--- RECORD EXTRACTS Enclosed Below ---
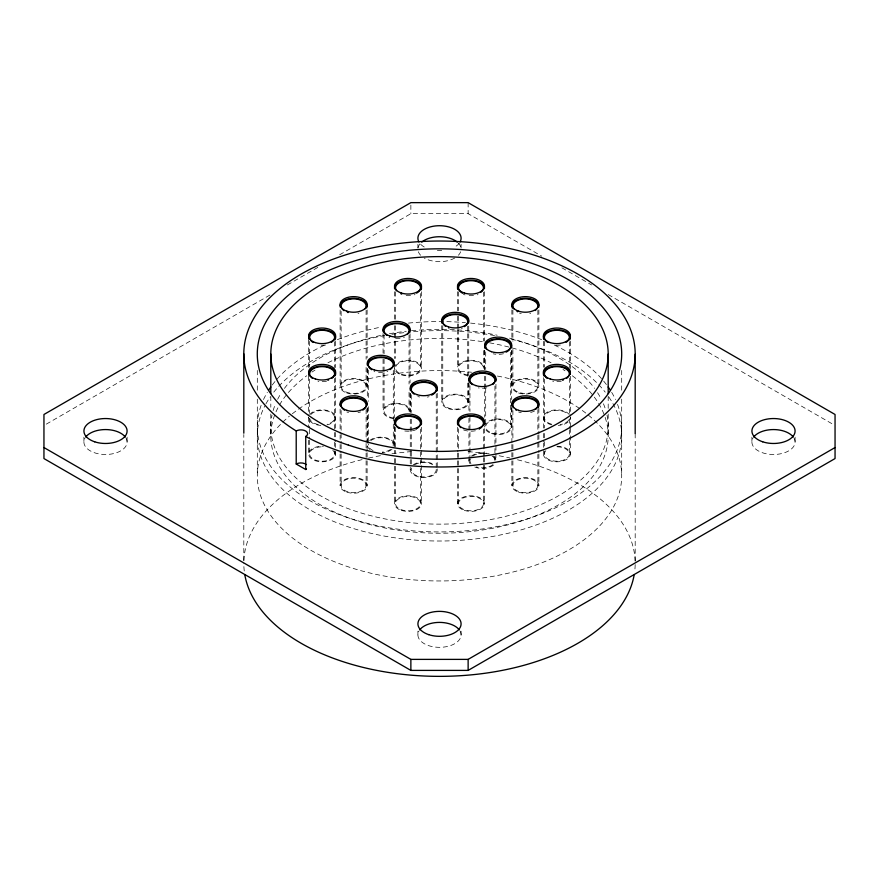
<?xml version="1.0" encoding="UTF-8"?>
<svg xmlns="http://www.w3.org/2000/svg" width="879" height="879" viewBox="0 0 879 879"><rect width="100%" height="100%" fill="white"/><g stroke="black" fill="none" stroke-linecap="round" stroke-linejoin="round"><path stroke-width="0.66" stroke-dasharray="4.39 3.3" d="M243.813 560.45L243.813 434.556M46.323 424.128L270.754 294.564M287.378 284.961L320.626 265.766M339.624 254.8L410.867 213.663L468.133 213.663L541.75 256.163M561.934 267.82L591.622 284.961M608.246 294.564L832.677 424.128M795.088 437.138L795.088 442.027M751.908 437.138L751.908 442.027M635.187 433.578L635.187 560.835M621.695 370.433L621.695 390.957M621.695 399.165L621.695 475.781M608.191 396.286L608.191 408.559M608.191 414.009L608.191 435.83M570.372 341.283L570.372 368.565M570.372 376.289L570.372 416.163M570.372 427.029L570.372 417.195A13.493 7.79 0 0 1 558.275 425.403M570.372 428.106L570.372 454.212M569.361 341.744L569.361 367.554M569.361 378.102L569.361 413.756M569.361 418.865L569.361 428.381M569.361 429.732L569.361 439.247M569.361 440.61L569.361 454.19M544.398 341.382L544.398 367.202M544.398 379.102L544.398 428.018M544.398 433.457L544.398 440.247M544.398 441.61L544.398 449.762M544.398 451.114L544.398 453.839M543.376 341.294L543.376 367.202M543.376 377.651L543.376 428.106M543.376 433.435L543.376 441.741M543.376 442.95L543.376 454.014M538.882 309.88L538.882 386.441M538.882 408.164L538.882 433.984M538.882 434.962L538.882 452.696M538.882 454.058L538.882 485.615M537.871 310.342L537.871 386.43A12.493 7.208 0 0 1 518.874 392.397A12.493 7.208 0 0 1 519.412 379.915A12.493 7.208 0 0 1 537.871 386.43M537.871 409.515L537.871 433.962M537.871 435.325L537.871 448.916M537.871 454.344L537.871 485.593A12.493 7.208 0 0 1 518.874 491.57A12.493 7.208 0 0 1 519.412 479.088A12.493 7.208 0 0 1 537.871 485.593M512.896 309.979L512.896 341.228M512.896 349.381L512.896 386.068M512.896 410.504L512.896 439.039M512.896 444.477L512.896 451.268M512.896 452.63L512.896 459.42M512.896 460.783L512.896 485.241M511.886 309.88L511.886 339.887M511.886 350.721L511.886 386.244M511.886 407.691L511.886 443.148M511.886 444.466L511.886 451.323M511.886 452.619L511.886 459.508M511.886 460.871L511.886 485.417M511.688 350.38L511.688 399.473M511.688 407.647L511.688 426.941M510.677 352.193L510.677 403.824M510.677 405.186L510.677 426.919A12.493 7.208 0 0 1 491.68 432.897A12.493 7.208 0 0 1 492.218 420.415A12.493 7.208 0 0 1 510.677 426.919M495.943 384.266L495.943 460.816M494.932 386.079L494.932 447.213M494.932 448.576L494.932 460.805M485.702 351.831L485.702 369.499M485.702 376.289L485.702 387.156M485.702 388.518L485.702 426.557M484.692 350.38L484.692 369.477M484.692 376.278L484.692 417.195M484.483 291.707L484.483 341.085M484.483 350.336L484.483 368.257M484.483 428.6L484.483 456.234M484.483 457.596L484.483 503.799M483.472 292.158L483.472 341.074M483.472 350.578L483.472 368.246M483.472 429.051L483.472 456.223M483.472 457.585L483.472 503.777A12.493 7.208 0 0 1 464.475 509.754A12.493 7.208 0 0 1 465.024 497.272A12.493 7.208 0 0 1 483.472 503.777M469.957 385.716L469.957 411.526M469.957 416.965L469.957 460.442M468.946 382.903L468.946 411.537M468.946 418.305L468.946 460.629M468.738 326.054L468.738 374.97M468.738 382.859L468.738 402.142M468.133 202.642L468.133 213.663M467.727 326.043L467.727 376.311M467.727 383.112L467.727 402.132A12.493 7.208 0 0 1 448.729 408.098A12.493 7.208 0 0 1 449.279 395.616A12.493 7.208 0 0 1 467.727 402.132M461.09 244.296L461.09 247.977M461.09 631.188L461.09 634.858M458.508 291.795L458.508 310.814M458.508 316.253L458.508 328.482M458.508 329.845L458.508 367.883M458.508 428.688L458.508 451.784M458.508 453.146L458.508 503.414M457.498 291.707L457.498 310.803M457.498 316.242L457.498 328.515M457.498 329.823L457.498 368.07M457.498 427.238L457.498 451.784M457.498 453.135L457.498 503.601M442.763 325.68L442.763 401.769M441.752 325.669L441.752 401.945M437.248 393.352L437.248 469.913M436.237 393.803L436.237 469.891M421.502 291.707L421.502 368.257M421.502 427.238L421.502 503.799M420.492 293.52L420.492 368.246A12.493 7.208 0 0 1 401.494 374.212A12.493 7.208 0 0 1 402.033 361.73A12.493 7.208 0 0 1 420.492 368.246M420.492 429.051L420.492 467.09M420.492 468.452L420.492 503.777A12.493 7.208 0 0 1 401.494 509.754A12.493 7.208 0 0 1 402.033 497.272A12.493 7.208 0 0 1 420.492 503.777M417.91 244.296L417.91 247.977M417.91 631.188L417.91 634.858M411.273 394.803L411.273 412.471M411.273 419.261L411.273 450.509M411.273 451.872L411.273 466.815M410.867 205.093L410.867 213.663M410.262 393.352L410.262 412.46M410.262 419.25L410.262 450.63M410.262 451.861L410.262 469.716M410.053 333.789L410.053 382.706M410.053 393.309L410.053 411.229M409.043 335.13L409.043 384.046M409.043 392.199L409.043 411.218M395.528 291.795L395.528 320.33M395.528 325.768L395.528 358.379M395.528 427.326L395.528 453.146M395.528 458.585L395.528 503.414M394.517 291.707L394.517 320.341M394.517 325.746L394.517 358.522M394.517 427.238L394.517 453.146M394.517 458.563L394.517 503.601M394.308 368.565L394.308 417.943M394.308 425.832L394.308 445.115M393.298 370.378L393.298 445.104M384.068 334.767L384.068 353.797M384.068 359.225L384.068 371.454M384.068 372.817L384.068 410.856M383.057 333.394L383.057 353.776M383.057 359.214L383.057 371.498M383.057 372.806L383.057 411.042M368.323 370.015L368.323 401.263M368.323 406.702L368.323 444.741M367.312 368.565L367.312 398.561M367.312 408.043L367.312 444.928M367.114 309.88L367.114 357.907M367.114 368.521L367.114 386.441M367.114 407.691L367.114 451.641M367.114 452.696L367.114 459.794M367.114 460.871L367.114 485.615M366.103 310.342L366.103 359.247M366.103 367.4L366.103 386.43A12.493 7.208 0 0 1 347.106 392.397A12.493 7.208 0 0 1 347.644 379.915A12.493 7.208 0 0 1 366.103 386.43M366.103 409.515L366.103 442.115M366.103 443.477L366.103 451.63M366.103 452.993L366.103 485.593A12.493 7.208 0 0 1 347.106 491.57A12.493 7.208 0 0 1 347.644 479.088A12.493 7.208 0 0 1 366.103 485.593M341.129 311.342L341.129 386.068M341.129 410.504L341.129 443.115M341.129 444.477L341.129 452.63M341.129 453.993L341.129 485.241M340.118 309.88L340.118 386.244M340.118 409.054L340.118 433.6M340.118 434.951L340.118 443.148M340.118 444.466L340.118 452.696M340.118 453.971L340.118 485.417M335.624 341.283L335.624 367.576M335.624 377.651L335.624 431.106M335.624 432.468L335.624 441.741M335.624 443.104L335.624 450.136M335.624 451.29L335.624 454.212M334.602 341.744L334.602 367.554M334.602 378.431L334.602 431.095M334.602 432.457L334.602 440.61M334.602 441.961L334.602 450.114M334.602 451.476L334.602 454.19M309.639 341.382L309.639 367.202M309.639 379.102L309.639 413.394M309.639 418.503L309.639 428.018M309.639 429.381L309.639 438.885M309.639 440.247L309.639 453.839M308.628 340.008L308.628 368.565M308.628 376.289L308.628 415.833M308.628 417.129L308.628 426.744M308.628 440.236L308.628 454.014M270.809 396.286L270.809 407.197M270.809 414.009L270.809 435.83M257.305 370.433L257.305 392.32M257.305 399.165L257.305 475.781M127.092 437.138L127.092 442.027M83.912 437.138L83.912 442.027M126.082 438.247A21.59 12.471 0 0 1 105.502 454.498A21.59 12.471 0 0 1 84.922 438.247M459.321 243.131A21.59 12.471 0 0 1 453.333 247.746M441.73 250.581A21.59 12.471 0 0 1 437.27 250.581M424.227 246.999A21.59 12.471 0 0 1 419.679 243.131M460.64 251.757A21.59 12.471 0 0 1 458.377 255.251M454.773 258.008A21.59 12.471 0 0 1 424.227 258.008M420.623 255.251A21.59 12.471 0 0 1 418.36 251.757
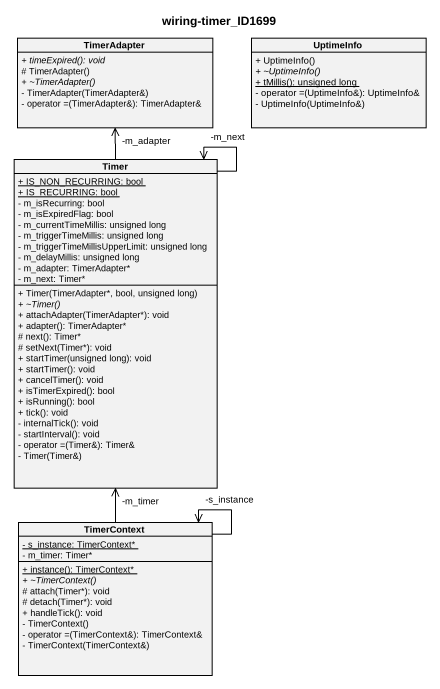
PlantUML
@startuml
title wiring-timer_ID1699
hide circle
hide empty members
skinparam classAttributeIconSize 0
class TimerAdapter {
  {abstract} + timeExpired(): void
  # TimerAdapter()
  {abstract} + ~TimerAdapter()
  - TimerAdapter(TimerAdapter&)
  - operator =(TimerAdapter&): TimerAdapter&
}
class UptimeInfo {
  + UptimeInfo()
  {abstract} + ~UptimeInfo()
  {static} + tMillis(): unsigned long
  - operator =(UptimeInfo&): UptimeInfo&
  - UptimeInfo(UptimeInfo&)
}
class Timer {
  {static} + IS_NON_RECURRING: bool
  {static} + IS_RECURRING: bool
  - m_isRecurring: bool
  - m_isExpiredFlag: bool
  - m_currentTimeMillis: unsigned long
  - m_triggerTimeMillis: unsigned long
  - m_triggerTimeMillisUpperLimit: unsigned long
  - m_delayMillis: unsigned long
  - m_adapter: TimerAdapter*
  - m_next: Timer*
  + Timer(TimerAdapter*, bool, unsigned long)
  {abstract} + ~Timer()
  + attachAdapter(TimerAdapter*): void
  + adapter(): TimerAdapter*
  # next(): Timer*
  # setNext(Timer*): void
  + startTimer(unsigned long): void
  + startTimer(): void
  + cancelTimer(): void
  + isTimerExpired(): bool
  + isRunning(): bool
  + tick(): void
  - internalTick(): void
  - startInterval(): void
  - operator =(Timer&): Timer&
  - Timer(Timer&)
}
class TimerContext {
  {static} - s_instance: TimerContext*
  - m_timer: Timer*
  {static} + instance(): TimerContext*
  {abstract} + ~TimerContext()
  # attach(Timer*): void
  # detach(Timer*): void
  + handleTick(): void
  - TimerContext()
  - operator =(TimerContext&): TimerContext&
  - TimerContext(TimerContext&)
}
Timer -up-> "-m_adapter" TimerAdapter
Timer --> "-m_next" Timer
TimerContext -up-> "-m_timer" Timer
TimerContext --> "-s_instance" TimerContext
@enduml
--- End of Enclosed RECORD EXTRACTS ---
Each line that has the word "bool" counts once. How many such lines are in the data? Give the number alone.

7